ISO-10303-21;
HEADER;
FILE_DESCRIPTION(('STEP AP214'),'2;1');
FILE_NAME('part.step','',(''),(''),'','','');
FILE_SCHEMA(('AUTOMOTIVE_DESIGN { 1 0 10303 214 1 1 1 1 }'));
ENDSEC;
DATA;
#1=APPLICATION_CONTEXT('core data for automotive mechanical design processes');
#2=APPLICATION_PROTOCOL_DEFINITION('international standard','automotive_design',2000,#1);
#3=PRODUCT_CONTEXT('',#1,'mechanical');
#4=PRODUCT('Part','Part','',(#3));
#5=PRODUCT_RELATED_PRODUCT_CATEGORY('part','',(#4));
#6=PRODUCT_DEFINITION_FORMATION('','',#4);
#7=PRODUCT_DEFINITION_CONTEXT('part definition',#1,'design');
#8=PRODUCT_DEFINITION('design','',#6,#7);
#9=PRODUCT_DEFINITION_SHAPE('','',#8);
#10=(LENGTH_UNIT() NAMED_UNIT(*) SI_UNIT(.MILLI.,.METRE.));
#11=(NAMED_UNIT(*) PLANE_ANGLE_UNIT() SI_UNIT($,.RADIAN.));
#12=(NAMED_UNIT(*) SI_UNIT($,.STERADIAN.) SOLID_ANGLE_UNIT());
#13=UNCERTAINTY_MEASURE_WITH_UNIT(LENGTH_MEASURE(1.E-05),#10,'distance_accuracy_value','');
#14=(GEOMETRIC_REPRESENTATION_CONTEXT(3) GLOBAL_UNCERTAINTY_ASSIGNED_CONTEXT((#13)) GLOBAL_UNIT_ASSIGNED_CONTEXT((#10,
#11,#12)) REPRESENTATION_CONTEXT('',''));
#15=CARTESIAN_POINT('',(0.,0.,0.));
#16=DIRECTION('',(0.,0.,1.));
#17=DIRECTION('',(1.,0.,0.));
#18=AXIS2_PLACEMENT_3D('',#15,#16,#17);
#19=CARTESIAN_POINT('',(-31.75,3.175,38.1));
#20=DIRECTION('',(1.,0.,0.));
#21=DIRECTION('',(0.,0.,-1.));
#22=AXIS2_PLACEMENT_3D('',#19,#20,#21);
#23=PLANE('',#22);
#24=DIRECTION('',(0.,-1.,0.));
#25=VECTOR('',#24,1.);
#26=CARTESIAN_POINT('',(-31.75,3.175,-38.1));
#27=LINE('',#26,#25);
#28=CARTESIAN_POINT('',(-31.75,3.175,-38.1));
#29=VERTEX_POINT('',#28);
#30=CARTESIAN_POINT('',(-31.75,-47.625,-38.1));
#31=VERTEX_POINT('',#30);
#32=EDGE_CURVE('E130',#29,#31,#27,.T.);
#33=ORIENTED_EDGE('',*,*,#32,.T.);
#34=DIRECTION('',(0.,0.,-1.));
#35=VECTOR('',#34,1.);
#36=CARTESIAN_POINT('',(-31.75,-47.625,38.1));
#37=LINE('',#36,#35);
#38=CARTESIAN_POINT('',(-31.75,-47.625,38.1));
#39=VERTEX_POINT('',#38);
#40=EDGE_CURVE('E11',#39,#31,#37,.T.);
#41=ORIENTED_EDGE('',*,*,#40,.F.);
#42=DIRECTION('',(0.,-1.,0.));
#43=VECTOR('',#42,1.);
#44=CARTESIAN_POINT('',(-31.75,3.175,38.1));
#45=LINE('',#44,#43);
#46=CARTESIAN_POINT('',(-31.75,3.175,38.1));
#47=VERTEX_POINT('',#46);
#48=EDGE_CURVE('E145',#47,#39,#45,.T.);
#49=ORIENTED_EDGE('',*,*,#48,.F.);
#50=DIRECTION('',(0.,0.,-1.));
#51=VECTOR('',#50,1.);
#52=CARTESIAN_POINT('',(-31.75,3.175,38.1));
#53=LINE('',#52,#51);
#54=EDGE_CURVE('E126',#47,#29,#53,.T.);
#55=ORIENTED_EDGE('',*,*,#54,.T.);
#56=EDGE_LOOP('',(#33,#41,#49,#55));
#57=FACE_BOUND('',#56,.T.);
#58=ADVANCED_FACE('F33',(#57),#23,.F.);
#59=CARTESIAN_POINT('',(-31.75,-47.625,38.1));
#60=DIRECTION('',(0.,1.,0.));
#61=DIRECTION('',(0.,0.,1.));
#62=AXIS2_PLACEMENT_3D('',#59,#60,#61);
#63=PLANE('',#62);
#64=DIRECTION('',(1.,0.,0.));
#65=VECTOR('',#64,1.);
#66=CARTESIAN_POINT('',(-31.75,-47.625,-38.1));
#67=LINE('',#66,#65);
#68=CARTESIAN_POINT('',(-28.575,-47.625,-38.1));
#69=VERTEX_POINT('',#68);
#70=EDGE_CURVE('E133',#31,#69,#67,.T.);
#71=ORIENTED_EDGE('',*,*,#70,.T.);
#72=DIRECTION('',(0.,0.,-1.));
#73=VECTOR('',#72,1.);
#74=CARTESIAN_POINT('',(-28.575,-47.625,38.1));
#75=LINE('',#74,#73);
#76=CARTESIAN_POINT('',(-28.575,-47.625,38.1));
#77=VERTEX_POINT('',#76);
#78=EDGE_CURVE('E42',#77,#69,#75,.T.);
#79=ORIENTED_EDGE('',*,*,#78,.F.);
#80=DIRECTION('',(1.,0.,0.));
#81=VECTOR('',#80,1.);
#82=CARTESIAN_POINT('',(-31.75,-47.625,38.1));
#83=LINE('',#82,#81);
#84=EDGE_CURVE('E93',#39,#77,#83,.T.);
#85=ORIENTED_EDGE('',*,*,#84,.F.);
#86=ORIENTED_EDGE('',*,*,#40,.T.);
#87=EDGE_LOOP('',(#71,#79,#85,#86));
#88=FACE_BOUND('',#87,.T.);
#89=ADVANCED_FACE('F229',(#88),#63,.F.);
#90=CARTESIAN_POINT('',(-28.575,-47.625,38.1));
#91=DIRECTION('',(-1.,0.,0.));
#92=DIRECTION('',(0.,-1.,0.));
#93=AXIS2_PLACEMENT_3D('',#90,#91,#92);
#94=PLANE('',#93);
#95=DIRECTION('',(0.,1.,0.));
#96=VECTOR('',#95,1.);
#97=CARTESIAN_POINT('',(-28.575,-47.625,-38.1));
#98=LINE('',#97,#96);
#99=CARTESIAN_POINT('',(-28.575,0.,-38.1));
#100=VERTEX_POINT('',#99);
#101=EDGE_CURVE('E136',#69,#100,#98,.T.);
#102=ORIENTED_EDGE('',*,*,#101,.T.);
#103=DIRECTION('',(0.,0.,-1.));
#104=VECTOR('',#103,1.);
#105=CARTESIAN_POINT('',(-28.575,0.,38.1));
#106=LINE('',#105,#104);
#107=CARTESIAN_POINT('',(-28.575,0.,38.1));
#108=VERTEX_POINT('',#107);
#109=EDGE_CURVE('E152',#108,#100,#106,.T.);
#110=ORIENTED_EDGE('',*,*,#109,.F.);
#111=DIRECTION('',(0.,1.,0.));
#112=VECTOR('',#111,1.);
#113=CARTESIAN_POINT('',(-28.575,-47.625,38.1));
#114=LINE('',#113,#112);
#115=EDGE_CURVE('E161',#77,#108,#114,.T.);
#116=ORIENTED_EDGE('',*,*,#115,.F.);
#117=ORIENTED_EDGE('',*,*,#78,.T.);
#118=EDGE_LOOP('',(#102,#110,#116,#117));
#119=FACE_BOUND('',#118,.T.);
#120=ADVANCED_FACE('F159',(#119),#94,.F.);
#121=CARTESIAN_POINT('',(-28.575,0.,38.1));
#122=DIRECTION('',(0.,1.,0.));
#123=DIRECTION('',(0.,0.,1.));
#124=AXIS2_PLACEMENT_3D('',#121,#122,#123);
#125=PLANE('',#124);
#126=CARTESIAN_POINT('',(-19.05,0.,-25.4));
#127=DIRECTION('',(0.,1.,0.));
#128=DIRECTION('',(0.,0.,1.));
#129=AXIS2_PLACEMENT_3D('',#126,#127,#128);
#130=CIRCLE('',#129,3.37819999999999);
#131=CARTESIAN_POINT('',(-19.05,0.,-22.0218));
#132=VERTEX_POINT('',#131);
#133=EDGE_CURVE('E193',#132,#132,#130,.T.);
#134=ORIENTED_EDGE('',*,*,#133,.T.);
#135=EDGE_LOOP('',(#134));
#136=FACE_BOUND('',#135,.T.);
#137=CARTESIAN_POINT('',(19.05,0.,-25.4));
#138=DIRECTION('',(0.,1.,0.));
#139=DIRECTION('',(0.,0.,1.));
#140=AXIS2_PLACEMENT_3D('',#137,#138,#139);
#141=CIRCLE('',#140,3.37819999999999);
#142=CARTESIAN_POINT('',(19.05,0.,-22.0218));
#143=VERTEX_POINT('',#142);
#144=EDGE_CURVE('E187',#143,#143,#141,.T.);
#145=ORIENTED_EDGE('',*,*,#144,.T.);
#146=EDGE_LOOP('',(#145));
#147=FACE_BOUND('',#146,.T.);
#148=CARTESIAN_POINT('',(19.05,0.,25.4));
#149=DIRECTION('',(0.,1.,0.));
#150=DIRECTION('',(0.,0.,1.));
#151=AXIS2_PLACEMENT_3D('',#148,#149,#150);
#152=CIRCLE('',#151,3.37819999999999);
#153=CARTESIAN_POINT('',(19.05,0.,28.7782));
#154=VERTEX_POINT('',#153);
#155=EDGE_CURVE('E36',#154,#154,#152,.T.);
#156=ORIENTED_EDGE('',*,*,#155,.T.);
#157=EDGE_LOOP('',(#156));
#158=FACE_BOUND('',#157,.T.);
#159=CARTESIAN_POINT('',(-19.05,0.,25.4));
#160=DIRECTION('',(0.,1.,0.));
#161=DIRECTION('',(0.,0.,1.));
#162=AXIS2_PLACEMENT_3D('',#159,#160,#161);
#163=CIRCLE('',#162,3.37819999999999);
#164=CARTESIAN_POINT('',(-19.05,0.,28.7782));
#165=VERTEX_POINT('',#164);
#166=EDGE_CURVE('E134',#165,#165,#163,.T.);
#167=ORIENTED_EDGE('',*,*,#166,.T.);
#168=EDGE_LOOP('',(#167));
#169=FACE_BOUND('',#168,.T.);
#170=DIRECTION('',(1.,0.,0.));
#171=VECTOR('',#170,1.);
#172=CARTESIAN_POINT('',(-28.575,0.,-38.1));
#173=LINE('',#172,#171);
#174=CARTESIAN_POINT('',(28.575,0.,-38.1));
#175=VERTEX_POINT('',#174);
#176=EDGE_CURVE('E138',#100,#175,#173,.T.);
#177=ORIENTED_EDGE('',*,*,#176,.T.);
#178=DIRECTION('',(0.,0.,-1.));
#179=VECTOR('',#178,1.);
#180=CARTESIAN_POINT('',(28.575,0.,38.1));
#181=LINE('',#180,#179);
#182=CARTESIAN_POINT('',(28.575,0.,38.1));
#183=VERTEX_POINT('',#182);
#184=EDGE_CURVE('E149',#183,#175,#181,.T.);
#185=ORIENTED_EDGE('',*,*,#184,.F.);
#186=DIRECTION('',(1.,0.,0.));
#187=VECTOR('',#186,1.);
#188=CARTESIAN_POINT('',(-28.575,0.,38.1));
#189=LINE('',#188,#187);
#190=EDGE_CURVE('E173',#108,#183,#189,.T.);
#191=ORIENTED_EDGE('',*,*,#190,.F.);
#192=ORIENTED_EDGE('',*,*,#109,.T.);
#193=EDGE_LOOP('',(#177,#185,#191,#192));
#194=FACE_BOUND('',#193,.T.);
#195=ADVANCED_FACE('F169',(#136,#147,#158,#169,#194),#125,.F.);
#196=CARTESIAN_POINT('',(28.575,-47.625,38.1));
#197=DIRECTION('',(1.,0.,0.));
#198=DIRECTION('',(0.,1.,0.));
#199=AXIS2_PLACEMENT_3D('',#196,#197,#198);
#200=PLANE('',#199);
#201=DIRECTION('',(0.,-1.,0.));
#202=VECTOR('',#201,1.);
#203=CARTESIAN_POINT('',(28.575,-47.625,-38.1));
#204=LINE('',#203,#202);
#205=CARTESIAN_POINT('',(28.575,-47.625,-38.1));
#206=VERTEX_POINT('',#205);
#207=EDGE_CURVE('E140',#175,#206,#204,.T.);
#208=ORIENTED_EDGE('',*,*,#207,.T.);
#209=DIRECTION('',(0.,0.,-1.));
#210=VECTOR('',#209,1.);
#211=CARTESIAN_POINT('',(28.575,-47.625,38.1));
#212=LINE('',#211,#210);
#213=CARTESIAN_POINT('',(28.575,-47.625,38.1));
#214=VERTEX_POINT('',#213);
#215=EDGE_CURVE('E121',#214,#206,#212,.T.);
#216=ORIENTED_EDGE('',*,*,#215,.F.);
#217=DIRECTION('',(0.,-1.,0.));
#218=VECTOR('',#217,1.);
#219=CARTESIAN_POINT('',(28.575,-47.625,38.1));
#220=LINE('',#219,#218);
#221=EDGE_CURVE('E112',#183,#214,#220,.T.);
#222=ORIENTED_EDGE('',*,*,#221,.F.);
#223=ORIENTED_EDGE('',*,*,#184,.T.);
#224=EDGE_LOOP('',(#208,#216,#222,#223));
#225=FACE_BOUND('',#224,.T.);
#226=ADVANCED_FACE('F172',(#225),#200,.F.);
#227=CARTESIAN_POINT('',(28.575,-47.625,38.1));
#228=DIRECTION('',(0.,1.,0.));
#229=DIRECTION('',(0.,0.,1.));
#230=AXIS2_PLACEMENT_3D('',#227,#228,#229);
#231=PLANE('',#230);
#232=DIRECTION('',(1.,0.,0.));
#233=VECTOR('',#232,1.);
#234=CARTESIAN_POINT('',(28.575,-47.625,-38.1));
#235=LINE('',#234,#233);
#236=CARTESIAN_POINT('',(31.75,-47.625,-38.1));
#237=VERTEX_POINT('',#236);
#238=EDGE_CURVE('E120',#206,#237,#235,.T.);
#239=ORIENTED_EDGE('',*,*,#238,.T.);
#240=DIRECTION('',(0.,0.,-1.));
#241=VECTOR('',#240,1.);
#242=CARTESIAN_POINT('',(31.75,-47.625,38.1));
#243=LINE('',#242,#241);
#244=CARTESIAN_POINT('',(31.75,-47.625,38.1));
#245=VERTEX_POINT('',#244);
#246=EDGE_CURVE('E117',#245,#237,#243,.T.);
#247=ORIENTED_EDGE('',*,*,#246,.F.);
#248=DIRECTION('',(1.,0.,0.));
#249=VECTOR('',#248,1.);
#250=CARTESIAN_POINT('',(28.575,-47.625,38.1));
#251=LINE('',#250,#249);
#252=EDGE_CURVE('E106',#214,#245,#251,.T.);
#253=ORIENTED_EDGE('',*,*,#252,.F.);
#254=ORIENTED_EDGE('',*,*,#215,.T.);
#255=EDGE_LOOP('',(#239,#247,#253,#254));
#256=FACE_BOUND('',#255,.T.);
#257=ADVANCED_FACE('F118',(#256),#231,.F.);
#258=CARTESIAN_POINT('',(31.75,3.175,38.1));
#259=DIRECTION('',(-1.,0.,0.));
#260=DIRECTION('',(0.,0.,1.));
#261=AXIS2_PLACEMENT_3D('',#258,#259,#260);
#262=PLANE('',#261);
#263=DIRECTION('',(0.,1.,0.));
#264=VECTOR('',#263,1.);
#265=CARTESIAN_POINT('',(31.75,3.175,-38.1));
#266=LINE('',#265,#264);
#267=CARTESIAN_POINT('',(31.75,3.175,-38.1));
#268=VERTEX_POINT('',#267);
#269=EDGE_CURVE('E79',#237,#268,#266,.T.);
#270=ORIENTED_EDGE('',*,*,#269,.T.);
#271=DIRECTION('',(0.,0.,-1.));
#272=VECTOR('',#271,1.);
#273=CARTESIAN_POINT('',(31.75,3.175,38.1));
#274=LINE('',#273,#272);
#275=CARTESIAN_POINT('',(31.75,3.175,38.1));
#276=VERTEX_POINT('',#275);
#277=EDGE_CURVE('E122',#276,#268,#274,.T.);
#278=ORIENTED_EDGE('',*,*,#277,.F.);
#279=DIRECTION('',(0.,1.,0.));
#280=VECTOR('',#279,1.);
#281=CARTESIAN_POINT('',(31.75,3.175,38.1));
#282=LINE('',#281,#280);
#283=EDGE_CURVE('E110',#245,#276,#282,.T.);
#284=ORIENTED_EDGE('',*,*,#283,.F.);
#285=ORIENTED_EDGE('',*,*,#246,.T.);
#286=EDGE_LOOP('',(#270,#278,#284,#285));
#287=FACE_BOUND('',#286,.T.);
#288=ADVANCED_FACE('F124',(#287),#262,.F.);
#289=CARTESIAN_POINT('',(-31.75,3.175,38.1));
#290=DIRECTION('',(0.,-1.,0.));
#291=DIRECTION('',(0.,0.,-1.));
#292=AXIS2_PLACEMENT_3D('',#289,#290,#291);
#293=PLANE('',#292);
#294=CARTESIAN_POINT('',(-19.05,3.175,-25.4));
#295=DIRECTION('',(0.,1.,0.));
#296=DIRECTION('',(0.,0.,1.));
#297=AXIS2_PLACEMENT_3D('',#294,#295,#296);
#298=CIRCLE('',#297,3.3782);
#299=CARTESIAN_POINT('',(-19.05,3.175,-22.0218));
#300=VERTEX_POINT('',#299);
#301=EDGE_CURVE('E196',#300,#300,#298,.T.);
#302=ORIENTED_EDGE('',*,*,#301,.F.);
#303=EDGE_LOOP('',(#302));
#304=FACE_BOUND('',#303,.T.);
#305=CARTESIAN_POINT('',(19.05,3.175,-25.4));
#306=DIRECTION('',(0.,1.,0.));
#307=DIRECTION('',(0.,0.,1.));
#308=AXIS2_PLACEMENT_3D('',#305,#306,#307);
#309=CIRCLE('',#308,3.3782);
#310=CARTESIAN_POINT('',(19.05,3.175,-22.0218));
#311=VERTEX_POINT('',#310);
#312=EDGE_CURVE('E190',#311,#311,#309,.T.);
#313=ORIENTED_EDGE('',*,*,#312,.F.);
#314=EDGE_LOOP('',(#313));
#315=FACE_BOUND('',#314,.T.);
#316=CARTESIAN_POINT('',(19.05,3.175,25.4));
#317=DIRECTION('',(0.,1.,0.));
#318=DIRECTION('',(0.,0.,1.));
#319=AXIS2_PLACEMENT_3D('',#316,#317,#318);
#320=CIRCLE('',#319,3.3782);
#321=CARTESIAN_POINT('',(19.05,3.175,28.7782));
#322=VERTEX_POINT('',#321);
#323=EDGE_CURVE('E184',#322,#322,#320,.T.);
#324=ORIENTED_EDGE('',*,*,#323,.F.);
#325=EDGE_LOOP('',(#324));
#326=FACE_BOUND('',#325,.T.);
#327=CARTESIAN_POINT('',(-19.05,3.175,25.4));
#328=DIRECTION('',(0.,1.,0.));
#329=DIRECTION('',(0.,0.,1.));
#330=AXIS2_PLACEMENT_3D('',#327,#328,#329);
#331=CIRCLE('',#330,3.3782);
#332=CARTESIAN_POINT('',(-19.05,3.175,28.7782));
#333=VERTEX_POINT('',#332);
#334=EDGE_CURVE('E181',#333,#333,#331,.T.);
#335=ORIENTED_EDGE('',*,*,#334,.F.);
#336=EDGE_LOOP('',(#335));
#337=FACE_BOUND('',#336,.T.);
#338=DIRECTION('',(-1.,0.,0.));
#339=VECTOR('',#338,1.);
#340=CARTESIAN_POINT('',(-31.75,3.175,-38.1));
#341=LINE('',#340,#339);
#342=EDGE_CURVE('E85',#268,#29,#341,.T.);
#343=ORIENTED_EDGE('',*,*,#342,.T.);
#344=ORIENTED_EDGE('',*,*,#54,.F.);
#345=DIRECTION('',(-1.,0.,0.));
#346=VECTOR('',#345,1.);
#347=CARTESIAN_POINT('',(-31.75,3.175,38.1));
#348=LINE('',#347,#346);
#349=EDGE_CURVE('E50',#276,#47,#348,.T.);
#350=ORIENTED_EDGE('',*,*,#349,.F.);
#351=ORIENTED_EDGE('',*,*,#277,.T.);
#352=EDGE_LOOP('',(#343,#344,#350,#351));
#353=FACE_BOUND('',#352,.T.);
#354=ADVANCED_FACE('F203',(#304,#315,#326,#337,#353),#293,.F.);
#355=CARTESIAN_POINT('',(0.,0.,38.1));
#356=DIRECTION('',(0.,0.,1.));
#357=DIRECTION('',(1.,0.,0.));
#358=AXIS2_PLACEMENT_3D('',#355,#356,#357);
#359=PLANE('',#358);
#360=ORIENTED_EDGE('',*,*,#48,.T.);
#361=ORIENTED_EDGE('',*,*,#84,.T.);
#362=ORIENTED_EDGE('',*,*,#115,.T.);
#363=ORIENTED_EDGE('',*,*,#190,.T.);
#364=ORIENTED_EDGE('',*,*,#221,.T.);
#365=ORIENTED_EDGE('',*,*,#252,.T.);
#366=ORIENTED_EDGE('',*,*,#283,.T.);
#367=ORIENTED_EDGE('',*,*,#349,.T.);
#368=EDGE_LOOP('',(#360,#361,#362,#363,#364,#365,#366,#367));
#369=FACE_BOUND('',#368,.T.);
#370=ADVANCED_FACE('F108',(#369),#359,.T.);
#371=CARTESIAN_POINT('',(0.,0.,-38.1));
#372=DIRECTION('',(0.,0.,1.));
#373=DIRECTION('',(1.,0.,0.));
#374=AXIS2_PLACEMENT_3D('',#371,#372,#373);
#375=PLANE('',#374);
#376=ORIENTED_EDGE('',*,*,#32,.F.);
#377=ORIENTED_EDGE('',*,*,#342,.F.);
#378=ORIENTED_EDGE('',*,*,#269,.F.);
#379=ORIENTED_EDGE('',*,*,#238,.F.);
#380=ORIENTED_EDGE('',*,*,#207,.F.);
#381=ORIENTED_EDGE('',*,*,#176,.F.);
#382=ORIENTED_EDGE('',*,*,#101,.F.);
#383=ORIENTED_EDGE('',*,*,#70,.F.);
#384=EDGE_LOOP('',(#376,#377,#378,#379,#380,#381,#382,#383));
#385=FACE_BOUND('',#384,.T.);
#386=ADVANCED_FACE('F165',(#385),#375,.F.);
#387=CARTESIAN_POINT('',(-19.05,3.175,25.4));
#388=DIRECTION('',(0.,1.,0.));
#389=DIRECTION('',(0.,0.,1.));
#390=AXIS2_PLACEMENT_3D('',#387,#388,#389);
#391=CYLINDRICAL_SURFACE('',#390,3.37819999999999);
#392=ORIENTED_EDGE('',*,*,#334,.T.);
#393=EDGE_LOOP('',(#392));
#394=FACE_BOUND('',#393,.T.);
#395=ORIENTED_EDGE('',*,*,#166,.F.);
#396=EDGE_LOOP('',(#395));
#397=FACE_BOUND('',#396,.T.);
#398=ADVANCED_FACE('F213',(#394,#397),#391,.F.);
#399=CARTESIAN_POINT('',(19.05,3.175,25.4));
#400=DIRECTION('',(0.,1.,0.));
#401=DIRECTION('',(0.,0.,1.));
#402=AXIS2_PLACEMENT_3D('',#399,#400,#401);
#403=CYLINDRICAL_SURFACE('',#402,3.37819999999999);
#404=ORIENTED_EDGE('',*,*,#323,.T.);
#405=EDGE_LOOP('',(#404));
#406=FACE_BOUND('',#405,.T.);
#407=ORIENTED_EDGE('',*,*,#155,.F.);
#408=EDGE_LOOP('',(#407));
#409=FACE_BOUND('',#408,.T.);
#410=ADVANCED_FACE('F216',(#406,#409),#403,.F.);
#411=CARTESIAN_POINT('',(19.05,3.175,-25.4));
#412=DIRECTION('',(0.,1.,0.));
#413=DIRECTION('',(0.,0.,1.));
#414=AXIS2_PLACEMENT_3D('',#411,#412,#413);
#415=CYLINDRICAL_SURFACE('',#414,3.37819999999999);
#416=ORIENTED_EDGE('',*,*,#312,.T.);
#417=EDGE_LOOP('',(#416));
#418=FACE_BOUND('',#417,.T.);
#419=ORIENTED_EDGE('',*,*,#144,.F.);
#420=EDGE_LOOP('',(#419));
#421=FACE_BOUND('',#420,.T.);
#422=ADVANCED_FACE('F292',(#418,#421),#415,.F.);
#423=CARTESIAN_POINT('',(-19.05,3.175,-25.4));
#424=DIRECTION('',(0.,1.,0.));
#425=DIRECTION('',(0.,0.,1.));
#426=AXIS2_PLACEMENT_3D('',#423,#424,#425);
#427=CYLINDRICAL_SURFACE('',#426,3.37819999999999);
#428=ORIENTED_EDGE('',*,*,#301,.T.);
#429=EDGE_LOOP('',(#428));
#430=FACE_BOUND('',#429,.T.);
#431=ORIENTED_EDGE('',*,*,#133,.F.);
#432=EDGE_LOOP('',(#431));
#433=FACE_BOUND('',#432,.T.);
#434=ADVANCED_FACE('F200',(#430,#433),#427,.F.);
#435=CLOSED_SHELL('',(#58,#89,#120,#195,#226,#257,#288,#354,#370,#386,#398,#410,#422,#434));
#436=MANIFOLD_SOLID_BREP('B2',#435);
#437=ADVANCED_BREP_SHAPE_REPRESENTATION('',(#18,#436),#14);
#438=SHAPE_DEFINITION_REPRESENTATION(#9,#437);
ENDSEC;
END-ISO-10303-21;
-.-.-
▸ **What this task involves**
Retype exactly the lines of the data above, starting at its first line and finishing with the line that has "#8=PRODUCT_DEFINITION('design','',#6,#7);" in it.

▸ **Exercise solution**
ISO-10303-21;
HEADER;
FILE_DESCRIPTION(('STEP AP214'),'2;1');
FILE_NAME('part.step','',(''),(''),'','','');
FILE_SCHEMA(('AUTOMOTIVE_DESIGN { 1 0 10303 214 1 1 1 1 }'));
ENDSEC;
DATA;
#1=APPLICATION_CONTEXT('core data for automotive mechanical design processes');
#2=APPLICATION_PROTOCOL_DEFINITION('international standard','automotive_design',2000,#1);
#3=PRODUCT_CONTEXT('',#1,'mechanical');
#4=PRODUCT('Part','Part','',(#3));
#5=PRODUCT_RELATED_PRODUCT_CATEGORY('part','',(#4));
#6=PRODUCT_DEFINITION_FORMATION('','',#4);
#7=PRODUCT_DEFINITION_CONTEXT('part definition',#1,'design');
#8=PRODUCT_DEFINITION('design','',#6,#7);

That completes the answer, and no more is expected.